Restate word for word the entries below, starting with the line with "line L39 (-12.3767, 19.215)" and continuing through the line with "constraint coincident L7 L0.start". Include both of those lines and no others.

(Stored items)
========================================================================

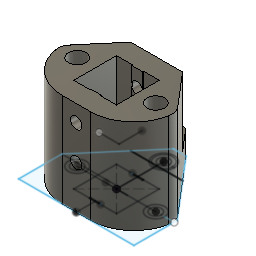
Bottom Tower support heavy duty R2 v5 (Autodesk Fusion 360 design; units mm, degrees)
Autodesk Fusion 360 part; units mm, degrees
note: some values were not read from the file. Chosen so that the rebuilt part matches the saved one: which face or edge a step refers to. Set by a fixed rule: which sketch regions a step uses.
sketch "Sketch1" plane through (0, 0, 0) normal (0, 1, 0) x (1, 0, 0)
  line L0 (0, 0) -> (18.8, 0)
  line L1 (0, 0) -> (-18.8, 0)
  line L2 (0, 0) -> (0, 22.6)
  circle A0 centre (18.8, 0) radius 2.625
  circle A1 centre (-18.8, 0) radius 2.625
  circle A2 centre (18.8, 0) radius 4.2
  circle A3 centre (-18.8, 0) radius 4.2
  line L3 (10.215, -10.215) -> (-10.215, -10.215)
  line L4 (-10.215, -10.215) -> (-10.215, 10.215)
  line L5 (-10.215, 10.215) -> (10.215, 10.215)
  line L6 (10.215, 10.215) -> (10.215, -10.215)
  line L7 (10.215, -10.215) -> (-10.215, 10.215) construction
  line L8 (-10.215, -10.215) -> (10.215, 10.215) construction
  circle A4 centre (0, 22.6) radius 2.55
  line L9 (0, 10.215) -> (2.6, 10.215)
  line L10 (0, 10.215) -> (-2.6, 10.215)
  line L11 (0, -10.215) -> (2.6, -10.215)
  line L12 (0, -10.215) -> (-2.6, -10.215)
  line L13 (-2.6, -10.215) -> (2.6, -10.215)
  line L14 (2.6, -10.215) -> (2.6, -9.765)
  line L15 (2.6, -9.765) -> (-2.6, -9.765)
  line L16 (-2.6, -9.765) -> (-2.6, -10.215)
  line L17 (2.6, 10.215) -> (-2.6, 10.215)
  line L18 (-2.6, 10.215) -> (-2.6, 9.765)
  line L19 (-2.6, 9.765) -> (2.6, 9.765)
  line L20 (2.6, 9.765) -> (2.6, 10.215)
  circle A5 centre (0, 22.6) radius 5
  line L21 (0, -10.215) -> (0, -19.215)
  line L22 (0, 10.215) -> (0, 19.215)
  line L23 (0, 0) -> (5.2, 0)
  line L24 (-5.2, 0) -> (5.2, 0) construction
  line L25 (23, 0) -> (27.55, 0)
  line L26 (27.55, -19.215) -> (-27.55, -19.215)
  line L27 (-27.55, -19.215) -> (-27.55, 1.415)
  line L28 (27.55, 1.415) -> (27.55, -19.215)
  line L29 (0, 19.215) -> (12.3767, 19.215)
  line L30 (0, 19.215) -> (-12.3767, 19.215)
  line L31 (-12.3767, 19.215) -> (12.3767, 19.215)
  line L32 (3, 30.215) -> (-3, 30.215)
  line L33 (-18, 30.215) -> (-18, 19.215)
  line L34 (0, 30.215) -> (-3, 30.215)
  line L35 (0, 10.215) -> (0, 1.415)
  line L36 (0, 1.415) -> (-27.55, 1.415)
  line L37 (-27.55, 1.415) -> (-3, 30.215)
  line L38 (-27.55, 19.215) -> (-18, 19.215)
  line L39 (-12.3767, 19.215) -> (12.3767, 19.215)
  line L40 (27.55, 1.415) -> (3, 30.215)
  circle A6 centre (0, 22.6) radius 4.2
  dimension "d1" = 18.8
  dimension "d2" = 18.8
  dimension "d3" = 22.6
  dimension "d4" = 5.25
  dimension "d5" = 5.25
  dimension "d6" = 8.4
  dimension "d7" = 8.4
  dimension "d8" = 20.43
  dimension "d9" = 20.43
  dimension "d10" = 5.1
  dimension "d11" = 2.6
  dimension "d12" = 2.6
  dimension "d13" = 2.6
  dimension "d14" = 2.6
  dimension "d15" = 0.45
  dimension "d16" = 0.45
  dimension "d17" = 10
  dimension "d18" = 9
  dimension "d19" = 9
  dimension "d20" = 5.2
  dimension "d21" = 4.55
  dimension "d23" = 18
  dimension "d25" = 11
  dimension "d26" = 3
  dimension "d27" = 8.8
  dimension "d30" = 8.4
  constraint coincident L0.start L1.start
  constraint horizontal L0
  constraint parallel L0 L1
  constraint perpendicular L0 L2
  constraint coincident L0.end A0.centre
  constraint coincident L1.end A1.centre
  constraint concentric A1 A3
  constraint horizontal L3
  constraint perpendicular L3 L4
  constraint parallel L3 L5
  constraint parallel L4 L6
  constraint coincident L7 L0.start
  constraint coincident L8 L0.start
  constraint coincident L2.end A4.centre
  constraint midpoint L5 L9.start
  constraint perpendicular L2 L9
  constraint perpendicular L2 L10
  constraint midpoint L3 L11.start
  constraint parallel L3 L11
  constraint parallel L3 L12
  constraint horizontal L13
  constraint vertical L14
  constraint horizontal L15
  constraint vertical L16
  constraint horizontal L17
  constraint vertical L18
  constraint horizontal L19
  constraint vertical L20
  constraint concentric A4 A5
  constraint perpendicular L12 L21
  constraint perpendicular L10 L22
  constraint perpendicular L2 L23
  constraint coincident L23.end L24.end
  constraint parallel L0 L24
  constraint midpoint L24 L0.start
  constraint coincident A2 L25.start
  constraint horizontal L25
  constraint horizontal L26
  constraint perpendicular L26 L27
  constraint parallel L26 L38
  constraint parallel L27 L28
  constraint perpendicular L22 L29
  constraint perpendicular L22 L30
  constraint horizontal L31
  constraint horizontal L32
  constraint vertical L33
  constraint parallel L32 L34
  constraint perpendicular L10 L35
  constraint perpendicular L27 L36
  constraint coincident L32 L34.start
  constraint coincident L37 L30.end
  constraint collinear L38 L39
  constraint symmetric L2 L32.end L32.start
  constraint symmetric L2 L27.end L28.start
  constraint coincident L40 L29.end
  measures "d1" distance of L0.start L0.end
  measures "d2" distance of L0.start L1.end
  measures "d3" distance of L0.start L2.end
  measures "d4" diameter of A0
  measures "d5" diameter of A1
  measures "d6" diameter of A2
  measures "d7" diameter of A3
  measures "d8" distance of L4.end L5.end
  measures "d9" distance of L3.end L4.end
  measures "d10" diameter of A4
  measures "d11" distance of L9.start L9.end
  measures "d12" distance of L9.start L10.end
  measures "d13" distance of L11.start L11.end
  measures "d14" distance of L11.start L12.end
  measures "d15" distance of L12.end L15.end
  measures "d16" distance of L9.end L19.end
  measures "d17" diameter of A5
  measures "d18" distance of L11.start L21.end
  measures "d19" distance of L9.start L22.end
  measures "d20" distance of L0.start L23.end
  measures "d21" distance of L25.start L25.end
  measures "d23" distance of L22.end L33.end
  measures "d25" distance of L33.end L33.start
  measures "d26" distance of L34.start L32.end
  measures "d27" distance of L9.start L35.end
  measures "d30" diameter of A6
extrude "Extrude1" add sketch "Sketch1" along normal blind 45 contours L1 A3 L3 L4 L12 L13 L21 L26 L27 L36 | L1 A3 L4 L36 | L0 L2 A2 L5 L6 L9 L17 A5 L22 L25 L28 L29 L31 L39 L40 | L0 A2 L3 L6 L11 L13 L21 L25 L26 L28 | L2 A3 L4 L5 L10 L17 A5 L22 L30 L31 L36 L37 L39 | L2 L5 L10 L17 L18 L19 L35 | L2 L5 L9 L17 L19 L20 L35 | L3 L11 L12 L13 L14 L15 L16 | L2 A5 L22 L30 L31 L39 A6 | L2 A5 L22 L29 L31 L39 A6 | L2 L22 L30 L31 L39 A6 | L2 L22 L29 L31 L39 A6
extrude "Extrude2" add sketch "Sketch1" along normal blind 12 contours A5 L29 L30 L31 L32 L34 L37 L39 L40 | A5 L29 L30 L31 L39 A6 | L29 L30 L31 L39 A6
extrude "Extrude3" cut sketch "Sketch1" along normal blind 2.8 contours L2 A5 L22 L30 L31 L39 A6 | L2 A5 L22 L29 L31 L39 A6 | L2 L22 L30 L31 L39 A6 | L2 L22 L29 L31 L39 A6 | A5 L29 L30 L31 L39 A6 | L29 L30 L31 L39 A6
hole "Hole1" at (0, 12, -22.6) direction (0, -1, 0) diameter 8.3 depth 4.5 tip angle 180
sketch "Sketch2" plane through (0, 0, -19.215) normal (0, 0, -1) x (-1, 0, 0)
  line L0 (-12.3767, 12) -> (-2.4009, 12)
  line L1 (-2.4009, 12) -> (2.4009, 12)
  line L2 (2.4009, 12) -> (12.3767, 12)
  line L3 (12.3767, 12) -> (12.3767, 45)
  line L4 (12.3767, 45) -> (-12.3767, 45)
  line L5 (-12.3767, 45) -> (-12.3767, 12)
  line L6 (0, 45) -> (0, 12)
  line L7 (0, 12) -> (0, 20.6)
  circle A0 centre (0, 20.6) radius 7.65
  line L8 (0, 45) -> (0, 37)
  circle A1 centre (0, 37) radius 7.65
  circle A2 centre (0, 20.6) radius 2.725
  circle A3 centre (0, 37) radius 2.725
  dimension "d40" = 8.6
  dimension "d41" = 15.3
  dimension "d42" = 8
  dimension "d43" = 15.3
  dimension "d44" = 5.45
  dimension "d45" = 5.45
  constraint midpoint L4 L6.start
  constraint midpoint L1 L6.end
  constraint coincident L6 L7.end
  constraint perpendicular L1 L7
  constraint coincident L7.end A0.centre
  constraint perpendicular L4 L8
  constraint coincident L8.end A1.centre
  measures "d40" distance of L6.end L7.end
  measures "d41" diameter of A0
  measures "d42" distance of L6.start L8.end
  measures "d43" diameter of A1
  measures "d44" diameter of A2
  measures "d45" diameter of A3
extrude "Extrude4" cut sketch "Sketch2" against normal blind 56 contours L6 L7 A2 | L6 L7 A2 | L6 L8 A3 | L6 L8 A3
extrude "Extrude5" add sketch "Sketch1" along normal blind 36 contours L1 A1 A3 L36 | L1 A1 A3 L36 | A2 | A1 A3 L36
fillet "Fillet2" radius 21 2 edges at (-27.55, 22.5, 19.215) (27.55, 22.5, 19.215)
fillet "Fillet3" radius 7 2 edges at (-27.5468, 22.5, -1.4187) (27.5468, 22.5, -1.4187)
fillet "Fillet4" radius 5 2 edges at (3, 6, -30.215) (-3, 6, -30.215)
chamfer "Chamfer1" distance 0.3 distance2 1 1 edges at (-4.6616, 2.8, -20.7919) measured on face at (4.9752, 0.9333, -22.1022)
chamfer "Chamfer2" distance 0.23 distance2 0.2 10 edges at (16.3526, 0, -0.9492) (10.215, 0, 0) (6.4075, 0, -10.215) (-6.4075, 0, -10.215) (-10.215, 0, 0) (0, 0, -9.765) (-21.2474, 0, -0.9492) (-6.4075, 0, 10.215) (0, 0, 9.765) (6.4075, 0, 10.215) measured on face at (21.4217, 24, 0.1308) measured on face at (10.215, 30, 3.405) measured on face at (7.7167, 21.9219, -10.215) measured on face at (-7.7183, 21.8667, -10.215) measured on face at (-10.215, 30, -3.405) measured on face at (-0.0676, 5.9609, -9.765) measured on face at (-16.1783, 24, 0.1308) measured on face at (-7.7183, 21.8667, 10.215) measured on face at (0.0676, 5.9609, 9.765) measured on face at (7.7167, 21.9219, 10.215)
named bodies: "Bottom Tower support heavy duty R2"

========================================================================

● **RESULT OF THE TASK**
  line L39 (-12.3767, 19.215) -> (12.3767, 19.215)
  line L40 (27.55, 1.415) -> (3, 30.215)
  circle A6 centre (0, 22.6) radius 4.2
  dimension "d1" = 18.8
  dimension "d2" = 18.8
  dimension "d3" = 22.6
  dimension "d4" = 5.25
  dimension "d5" = 5.25
  dimension "d6" = 8.4
  dimension "d7" = 8.4
  dimension "d8" = 20.43
  dimension "d9" = 20.43
  dimension "d10" = 5.1
  dimension "d11" = 2.6
  dimension "d12" = 2.6
  dimension "d13" = 2.6
  dimension "d14" = 2.6
  dimension "d15" = 0.45
  dimension "d16" = 0.45
  dimension "d17" = 10
  dimension "d18" = 9
  dimension "d19" = 9
  dimension "d20" = 5.2
  dimension "d21" = 4.55
  dimension "d23" = 18
  dimension "d25" = 11
  dimension "d26" = 3
  dimension "d27" = 8.8
  dimension "d30" = 8.4
  constraint coincident L0.start L1.start
  constraint horizontal L0
  constraint parallel L0 L1
  constraint perpendicular L0 L2
  constraint coincident L0.end A0.centre
  constraint coincident L1.end A1.centre
  constraint concentric A1 A3
  constraint horizontal L3
  constraint perpendicular L3 L4
  constraint parallel L3 L5
  constraint parallel L4 L6
  constraint coincident L7 L0.start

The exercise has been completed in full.